Film Frame Friday is a regular series where one of our contributors will pick a film and highlight its unique cinematic style, from cinematography to mise-en-scene, and editing. It is a great way to not only introduce someone to a new film but to bring new conversations to the table. Click here for more entries in the series.
As many of you know, First Man had its world premiere at the Venice Film Festival to critical acclaim, but two years prior director Damien Chazelle was taking Hollywood by storm with his Jacques Demy-inspired hit La La Land. It is not hard to understand why La La Land was a big hit. The main leads are two of the biggest stars in Hollywood: Ryan Gosling and Emma Stone. Add on to the fact that this is a dramatic romance with heavy musical numbers, and you got a stand out hit. The visuals are stunning, and the music will stick with you long after watching the film.
Now let’s get to the point: yes, La La Land is inspired by earlier musicals, but the main inspiration that always stuck out to me like a sore thumb is the work of Demy. I am not just talking about The Umbrellas of Cherbourg either. Most people will mention Singin’ in the Rain as another influence, but I don’t think you need to look so far.
I perfectly believe Demy’s The Young Girls of Rochefort inspired not only the musical numbers of La La Land but the optimistic attitude featured in the first half of the film.
Making the Connection through Parallels
Warning: Spoilers for La La Land and The Young Girls of Rochefort endings.
To understand the comparisons of these films, and how these visuals, musical dance numbers, and even emotional beats are connected, you first have to travel back to the 1960s. Demy decided to change the game by releasing The Umbrellas of Cherbourg in 1964. A musical romantic drama starring two attractive leads wasn’t unique, but what set it apart was how all the dialogue was sung like an Opera performance. The contrast of lush colorful visuals against the tragic plot of the film was something to take note of. Like Chazelle’s La La Land, The Umbrellas of Cherbourg put Demy on the worldwide map as a director.
If The Umbrellas of Cherbourg serves as a parallel of not only success for the directors, but actual story elements, how do you explain the well-crafted musical numbers? Easy, with Young Girls of Rochefort. Released in 1967, The Young Girls of Rochefort took a different approach from Umbrellas by sticking to an upbeat story, with more by-the-book musical numbers and erratic dance performances.
Think back to the opening number of La La Land. The opening sequence is a large set piece, with an ensemble that not only sets the tone for the film but introduces us to our main characters.
Seems pretty by the books for any musical to kick off with an opening number, right? Not quite the case, for you see this is where the first homage to Demy comes into play. The Young Girls of Rochefort also features an opening number involving the cast jumping out of vehicles to perform a dance number.

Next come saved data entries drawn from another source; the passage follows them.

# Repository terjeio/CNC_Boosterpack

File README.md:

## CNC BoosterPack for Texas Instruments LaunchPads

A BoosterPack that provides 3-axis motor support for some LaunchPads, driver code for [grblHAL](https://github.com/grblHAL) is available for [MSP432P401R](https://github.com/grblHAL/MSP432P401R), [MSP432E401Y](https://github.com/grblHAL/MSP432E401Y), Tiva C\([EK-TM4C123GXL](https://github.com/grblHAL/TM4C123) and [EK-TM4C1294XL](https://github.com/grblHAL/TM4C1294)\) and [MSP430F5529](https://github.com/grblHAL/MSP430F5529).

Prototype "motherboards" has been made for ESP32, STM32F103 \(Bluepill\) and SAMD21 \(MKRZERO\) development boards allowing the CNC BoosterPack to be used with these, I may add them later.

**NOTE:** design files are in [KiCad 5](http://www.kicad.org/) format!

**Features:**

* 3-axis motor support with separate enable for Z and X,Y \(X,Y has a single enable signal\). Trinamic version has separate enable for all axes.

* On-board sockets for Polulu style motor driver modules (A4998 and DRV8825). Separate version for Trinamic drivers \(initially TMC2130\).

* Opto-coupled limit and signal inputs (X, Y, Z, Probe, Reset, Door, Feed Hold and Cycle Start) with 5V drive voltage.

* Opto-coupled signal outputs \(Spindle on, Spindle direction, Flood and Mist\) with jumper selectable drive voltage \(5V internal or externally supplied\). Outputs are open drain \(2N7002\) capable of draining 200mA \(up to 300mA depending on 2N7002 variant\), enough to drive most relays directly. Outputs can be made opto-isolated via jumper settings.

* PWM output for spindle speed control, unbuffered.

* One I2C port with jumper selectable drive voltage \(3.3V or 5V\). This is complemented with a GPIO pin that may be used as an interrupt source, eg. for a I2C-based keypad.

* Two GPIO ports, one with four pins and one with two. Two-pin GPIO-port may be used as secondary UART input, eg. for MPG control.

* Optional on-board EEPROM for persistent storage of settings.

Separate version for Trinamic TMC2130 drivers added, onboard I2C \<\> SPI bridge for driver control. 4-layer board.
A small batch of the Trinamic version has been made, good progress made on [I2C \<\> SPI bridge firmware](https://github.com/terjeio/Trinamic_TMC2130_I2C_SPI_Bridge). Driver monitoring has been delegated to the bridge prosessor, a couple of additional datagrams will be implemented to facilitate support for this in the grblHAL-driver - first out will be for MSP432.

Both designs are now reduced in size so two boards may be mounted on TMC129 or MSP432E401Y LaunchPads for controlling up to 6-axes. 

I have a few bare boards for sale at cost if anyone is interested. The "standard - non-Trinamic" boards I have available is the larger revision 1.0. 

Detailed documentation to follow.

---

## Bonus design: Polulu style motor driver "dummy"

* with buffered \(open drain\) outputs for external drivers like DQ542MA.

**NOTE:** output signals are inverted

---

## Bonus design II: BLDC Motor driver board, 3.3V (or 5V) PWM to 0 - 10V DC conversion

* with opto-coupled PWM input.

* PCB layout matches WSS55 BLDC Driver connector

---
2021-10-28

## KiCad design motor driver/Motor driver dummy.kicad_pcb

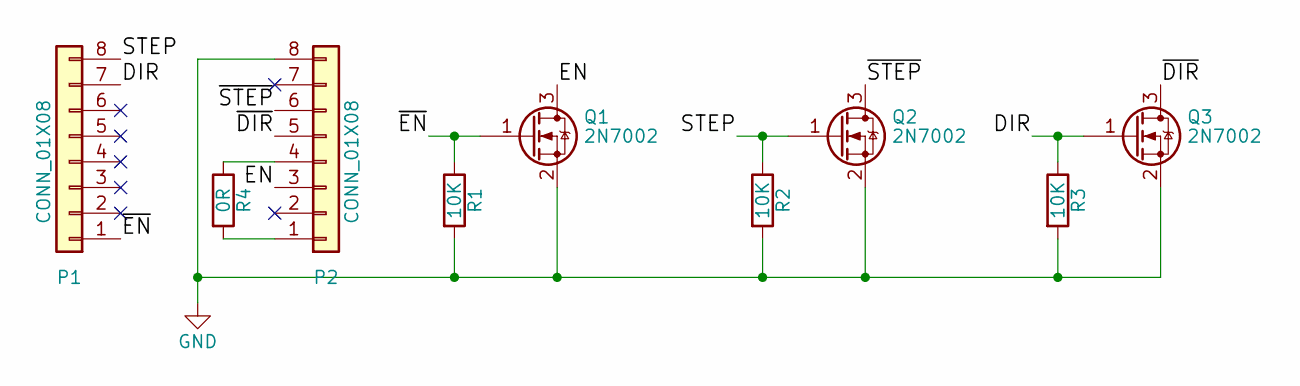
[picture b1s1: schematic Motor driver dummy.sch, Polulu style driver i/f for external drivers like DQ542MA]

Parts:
P1, P2: CONN_01X08; PinHeader_1x08_P2.54mm_Vertical
Q1, Q2, Q3: 2N7002; SOT-23
R1, R2, R3: 10K; R_0805_2012Metric
R4: 0R; R_0805_2012Metric

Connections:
/DIR: P1.7, Q3.1 (G), R3.1
/EN: P2.3, Q1.3 (D)
/STEP: P1.8, Q2.1 (G), R2.1
/~DIR: P2.5, Q3.3 (D)
/~EN: P1.1, Q1.1 (G), R1.1
/~STEP: P2.6, Q2.3 (D)
GND: P2.8, Q1.2 (S), Q2.2 (S), Q3.2 (S), R1.2, R2.2, R3.2
unnamed: P2.1, R4.2
unnamed: P2.4, R4.1

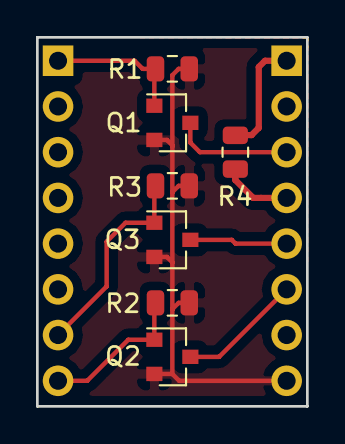
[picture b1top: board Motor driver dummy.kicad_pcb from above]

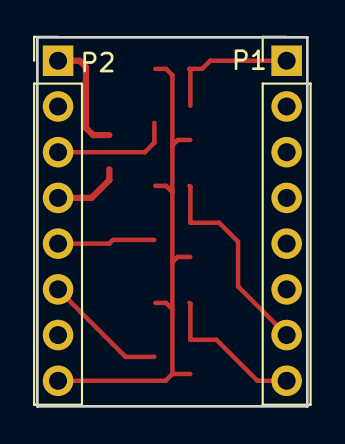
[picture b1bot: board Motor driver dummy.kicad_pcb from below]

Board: 2 copper layers, 15.0 x 20.5 mm, 9 parts (2 on the bottom side), 9 nets.

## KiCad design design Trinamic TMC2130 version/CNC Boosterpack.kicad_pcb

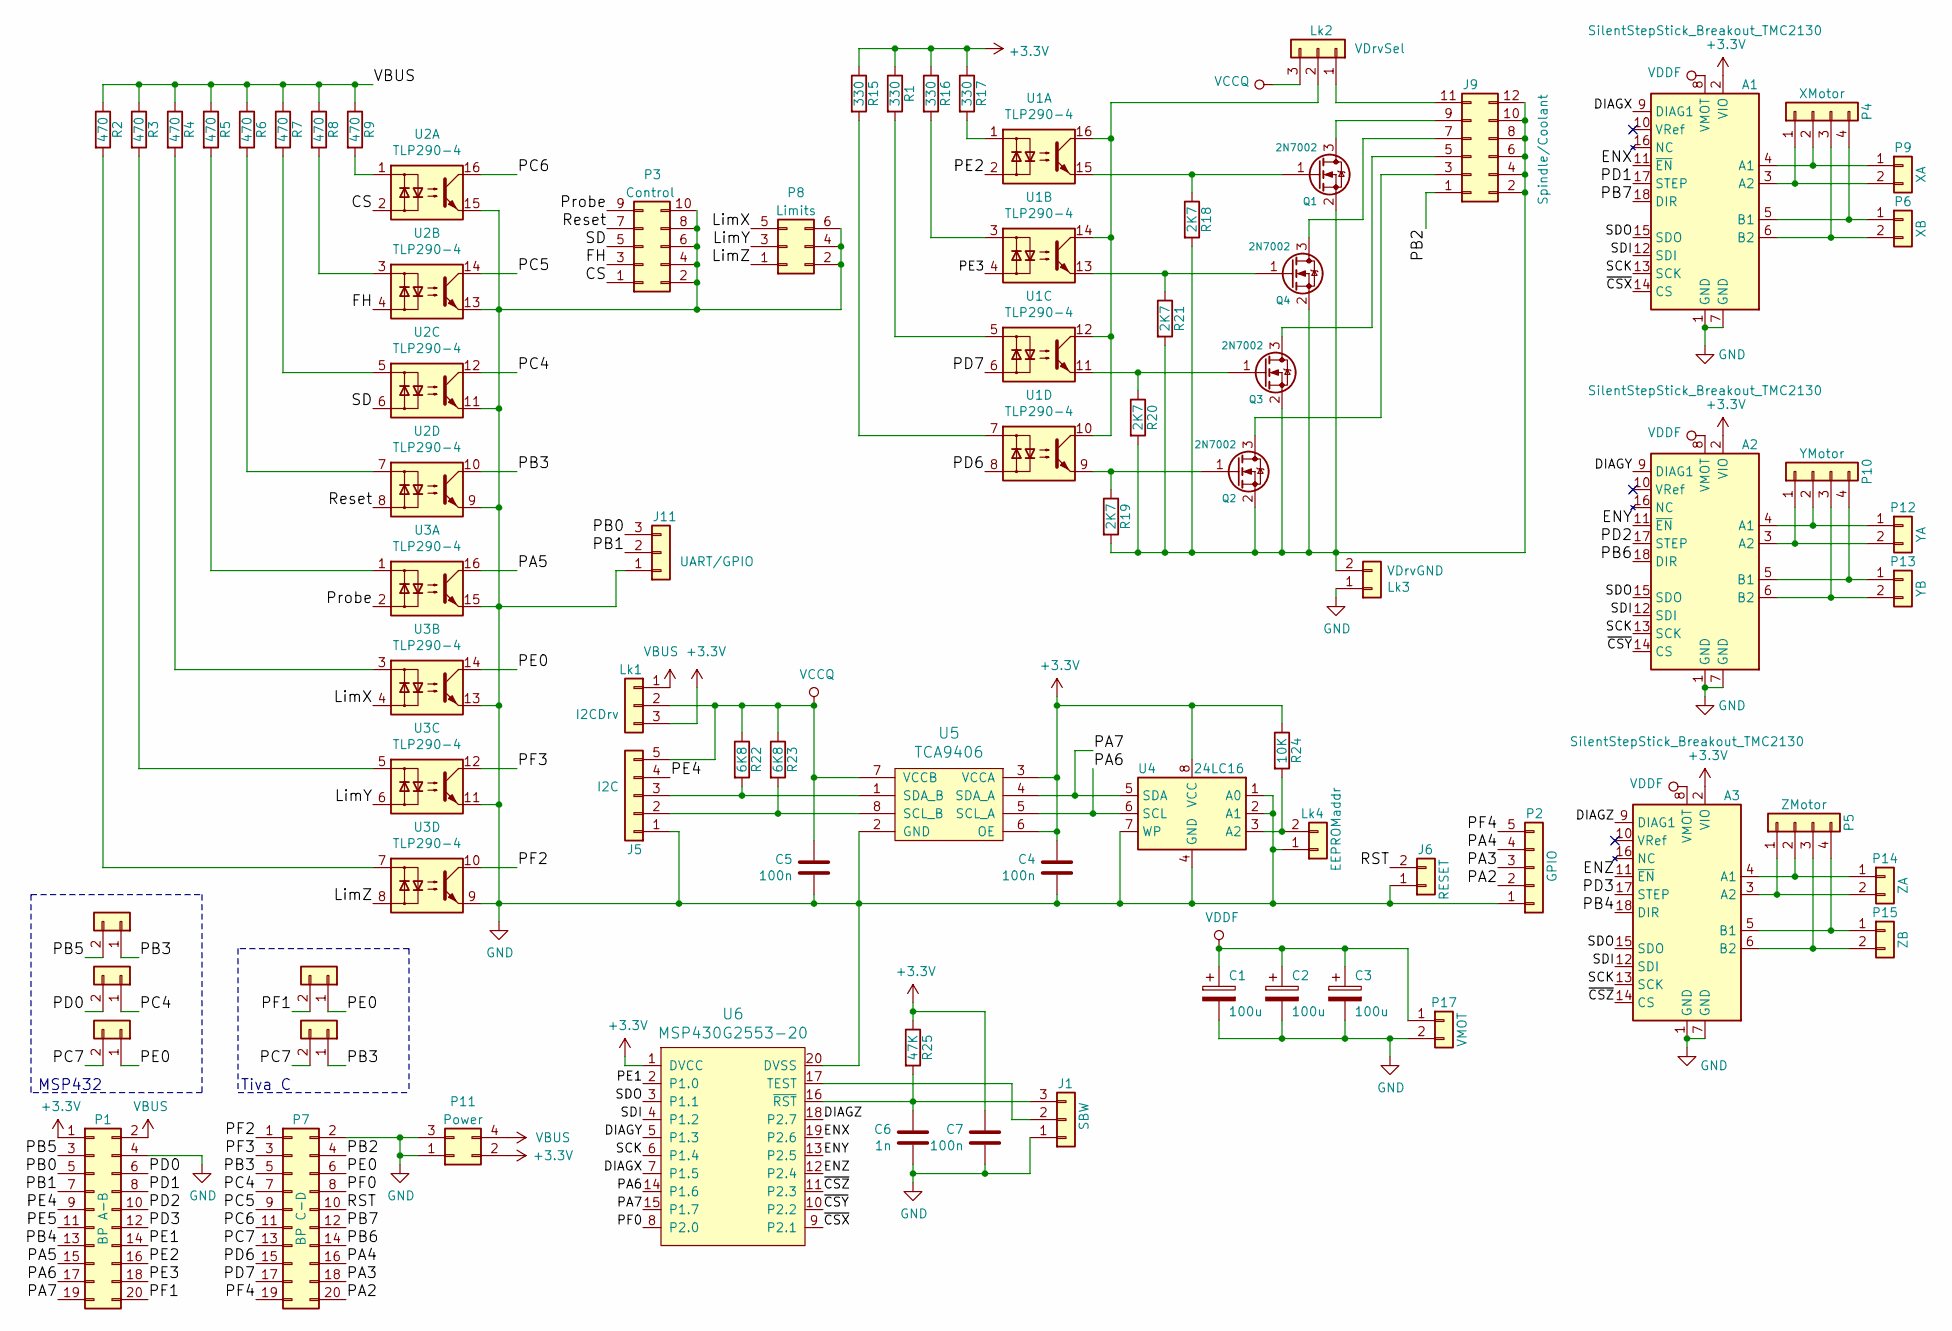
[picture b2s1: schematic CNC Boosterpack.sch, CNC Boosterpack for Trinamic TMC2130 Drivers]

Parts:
A1, A2, A3: SilentStepStick_Breakout_TMC2130; SilentStepStick_TMC2130
C1, C2, C3: 100u; CP_Radial_D8.0mm_P3.50mm
C4, C5, C7: 100n; C_0805_2012Metric
C6: 1n; C_0805_2012Metric
J1: SBW; PinHeader_1x03_P2.54mm_Horizontal
J2, J3, J12, J13, J14: Lk; SolderJumper-2_P1.3mm_Open_RoundedPad1.0x1.5mm
J5: I2C; PinHeader_1x05_P2.54mm_Vertical
J6: RESET; PinHeader_1x02_P2.54mm_Vertical
J9: Spindle/Coolant; PinHeader_2x06_P2.54mm_Vertical
J11: UART/GPIO; PinHeader_1x03_P2.54mm_Vertical
Lk1: I2CDrv; PinHeader_1x03_P2.54mm_Vertical
Lk2: VDrvSel; PinHeader_1x03_P2.54mm_Vertical
Lk3: VDrvGND; PinHeader_1x02_P2.54mm_Vertical
Lk4: EEPROMaddr; SolderJumper-2_P1.3mm_Open_RoundedPad1.0x1.5mm
P1: BP A-B; PinSocket_2x10_P2.54mm_Vertical
P2: GPIO; PinHeader_1x05_P2.54mm_Vertical
P3: Control; PinHeader_2x05_P2.54mm_Vertical
P4: XMotor; PinHeader_1x04_P2.54mm_Vertical_Motor
P5: ZMotor; PinHeader_1x04_P2.54mm_Vertical_Motor
P6: XB; CONN_PWR_2P_3.5MM_CAMBLOCK
P7: BP C-D; PinSocket_2x10_P2.54mm_Vertical
P8: Limits; PinHeader_2x03_P2.54mm_Vertical
P9: XA; CONN_PWR_2P_3.5MM_CAMBLOCK
P10: YMotor; PinHeader_1x04_P2.54mm_Vertical_Motor
P11: Power; PinHeader_2x02_P2.54mm_Vertical
P12: YA; CONN_PWR_2P_3.5MM_CAMBLOCK
P13: YB; CONN_PWR_2P_3.5MM_CAMBLOCK
P14: ZA; CONN_PWR_2P_3.5MM_CAMBLOCK
P15: ZB; CONN_PWR_2P_3.5MM_CAMBLOCK
P17: VMOT; CONN_PWR_2P_3.5MM_CAMBLOCK
Q1, Q2, Q3, Q4: 2N7002; SOT-23
R1, R15, R16, R17: 330; R_0805_2012Metric
R2, R3, R4, R5, R6, R7, R8, R9: 470; R_0805_2012Metric
R18, R19, R20, R21: 2K7; R_0805_2012Metric
R22, R23: 6K8; R_0805_2012Metric
R24: 10K; R_0805_2012Metric
R25: 47K; R_0805_2012Metric
U1, U2, U3: TLP290-4; SOP-16_4.4x10.4mm_P1.27mm
U4: 24LC16; SOIC-8_3.9x4.9mm_P1.27mm
U5: TCA9406; SSOP-8_2.95x2.8mm_P0.65mm
U6: MSP430G2553-20; TSSOP-20_4.4x6.5mm_P0.65mm

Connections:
+3V3: A1.2 (VIO), A2.2 (VIO), A3.2 (VIO), C4.1, C7.1, Lk1.3, P1.1, P11.2, R1.1, R15.1, R16.1, R17.1, R24.1, R25.1, U4.8 (VCC), U5.3 (VCCA), U5.6 (OE), U6.1 (DVCC)
/CS: P3.1, U2.2
/DIAGX: A1.9 (DIAG1), U6.7 (P1.5)
/DIAGY: A2.9 (DIAG1), U6.5 (P1.3)
/DIAGZ: A3.9 (DIAG1), U6.18 (P2.7)
/ENX: A1.11 (~EN), U6.19 (P2.6)
/ENY: A2.11 (~EN), U6.13 (P2.5)
/ENZ: A3.11 (~EN), U6.12 (P2.4)
/FH: P3.3, U2.4
/LimX: P8.5, U3.4
/LimY: P8.3, U3.6
/LimZ: P8.1, U3.8
/PA2: P2.2, P7.20
/PA3: P2.3, P7.18
/PA4: P2.4, P7.16
/PA5: P1.15, U3.16
/PA6: P1.17, U4.6 (SCL), U5.5 (SCL_A), U6.14 (P1.6)
/PA7: P1.19, U4.5 (SDA), U5.4 (SDA_A), U6.15 (P1.7)
/PB0: J11.3, P1.5
/PB1: J11.2, P1.7
/PB2: J9.1, P7.4
/PB3: J2.1, J14.1, P7.5, U2.10
/PB4: A3.18 (DIR), P1.13
/PB5: J2.2, P1.3
/PB6: A2.18 (DIR), P7.14
/PB7: A1.18 (DIR), P7.12
/PC4: J3.1, P7.7, U2.12
/PC5: P7.9, U2.14
/PC6: P7.11, U2.16
/PC7: J12.2, J14.2, P7.13
/PD0: J3.2, P1.6
/PD1: A1.17 (STEP), P1.8
/PD2: A2.17 (STEP), P1.10
/PD3: A3.17 (STEP), P1.12
/PD6: P7.15, U1.8
/PD7: P7.17, U1.6
/PE0: J12.1, J13.1, P7.6, U3.14
/PE1: P1.14, U6.2 (P1.0)
/PE2: P1.16, U1.2
/PE3: P1.18, U1.4
/PE4: J5.4, P1.9
/PE5: P1.11
/PF0: P7.8, U6.8 (P2.0)
/PF1: J13.2, P1.20
/PF2: P7.1, U3.10
/PF3: P7.3, U3.12
/PF4: P2.5, P7.19
/Probe: P3.9, U3.2
/RST: J6.2, P7.10
/Reset: P3.7, U2.8
/SCK: A1.13 (SCK), A2.13 (SCK), A3.13 (SCK), U6.6 (P1.4)
/SD: P3.5, U2.6
/SDI: A1.12 (SDI), A2.12 (SDI), A3.12 (SDI), U6.4 (P1.2)
/SDO: A1.15 (SDO), A2.15 (SDO), A3.15 (SDO), U6.3 (P1.1)
/~CSX: A1.14 (CS), U6.9 (P2.1)
/~CSY: A2.14 (CS), U6.10 (P2.2)
/~CSZ: A3.14 (CS), U6.11 (P2.3)
GND: A1.1 (GND), A1.7 (GND), A2.1 (GND), A2.7 (GND), A3.1 (GND), A3.7 (GND), C1.2, C2.2, C3.2, C4.2, C5.2, C6.2, C7.2, J1.1, J5.1, J6.1, J11.1, Lk3.1, Lk4.1, P1.4, P2.1, P3.2, P3.4, P3.6, P3.8, P3.10, P7.2, P8.2, P8.4, P8.6, P11.1, P11.3, P17.2, U2.9, U2.11, U2.13, U2.15, U3.9, U3.11, U3.13, U3.15, U4.1 (A0), U4.2 (A1), U4.4 (GND), U4.7 (WP), U5.2 (GND), U6.20 (DVSS)
unnamed: A1.3 (A2), P4.1, P9.2
unnamed: A1.4 (A1), P4.2, P9.1
unnamed: A1.5 (B1), P4.4, P6.1
unnamed: A1.6 (B2), P4.3, P6.2
unnamed: A2.3 (A2), P10.1, P12.2
unnamed: A2.4 (A1), P10.2, P12.1
unnamed: A2.5 (B1), P10.4, P13.1
unnamed: A2.6 (B2), P10.3, P13.2
unnamed: A3.3 (A2), P5.1, P14.2
unnamed: A3.4 (A1), P5.2, P14.1
unnamed: A3.5 (B1), P5.4, P15.1
unnamed: A3.6 (B2), P5.3, P15.2
unnamed: C6.1, J1.3, R25.2, U6.16 (~RST~)
unnamed: J1.2, U6.17 (TEST)
unnamed: J5.2, R23.2, U5.8 (SCL_B)
unnamed: J5.3, R22.2, U5.1 (SDA_B)
unnamed: J9.3, Q2.3 (D)
unnamed: J9.5, Q3.3 (D)
unnamed: J9.7, Q4.3 (D)
unnamed: J9.9, Q1.3 (D)
unnamed: J9.2, J9.4, J9.6, J9.8, J9.10, J9.12, Lk3.2, Q1.2 (S), Q2.2 (S), Q3.2 (S), Q4.2 (S), R18.2, R19.2, R20.2, R21.2
unnamed: J9.11, Lk2.1
unnamed: Lk2.2, U1.10, U1.12, U1.14, U1.16
unnamed: Lk4.2, R24.2, U4.3 (A2)
unnamed: Q1.1 (G), R18.1, U1.15
unnamed: Q2.1 (G), R19.1, U1.9
unnamed: Q3.1 (G), R20.1, U1.11
unnamed: Q4.1 (G), R21.1, U1.13
unnamed: R1.2, U1.5
unnamed: R2.2, U3.7
unnamed: R3.2, U3.5
unnamed: R4.2, U3.3
unnamed: R5.2, U3.1
unnamed: R6.2, U2.7
unnamed: R7.2, U2.5
unnamed: R8.2, U2.3
unnamed: R9.2, U2.1
unnamed: R15.2, U1.7
unnamed: R16.2, U1.3
unnamed: R17.2, U1.1
VBUS: Lk1.1, P1.2, P11.4, R2.1, R3.1, R4.1, R5.1, R6.1, R7.1, R8.1, R9.1
VCCQ: C5.1, J5.5, Lk1.2, Lk2.3, R22.1, R23.1, U5.7 (VCCB)
VDDF: A1.8 (VMOT), A2.8 (VMOT), A3.8 (VMOT), C1.1, C2.1, C3.1, P17.1

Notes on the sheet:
MSP432
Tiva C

Notice how both openings introduce the main theme of each film?
The homage becomes even more apparent when you look at both scenes in full.
Now comes something I failed to catch the first time I watched La La Land. Do you remember when Emma Stone’s character finally gets out of that traffic in the opening number and later returns to her apartment?
I noticed the beginning of “Someone In The Crowd” is actually an intended or unintended reference to “A Pair of Twins” from The Young Girls of Rochefort.
Both songs not only take place at the beginning of each respective film, within their homes, but the bigger theme is the women in both films hoping to find the one. Who is the one? Well, the one is that special man they’ve dreamed of. Both musical numbers serve a hopeful romanticism by women who believe their Prince Charming or special someone is out there in the crowd.
Yes, even “City of Stars” is just an homage to the optimistic and romanticism of earlier musicals; for example, compare “City of Stars” here to “Maxence’s Song” from Young Girls of Rochefort.
Both songs might have a sadder theme, but each of them are actually optimistic. The men have been down on their luck, but they know there is still a chance for happiness.
When people think of what inspired La La Land, everyone is quick to jump to Umbrellas, but I think Rochefort deserves just as much praise. La La Land relies on a large number of musical performances, dances, and downright charming enthusiasm from its characters that is not apparent in Umbrellas. What makes Chazelle’s film unique is how he perfectly blends Umbrellas and Rochefort into one film, with his own touch. What do I mean?
Take a look at this clip from the ending of La La Land. This scene represents a “what could have been” between two lovers, had they made different decisions or chosen to make things work between them. Many people see the ending of Umbrellas in the ending of La La Land, and they are right, but Demy fans will be able to see that it also pays homage to one of the ending scenes of Young Girls.
Sometimes as viewers we see a clear connection and latch onto to it, but upon rewatches, we pick up on the subtle details. We start making connections that we didn’t think possible and start to realize the sheer talent and genius of our favorite directors. Chazelle breathed new life into the classic musical genre Demy championed, and by doing so launched himself into orbit as a director to follow.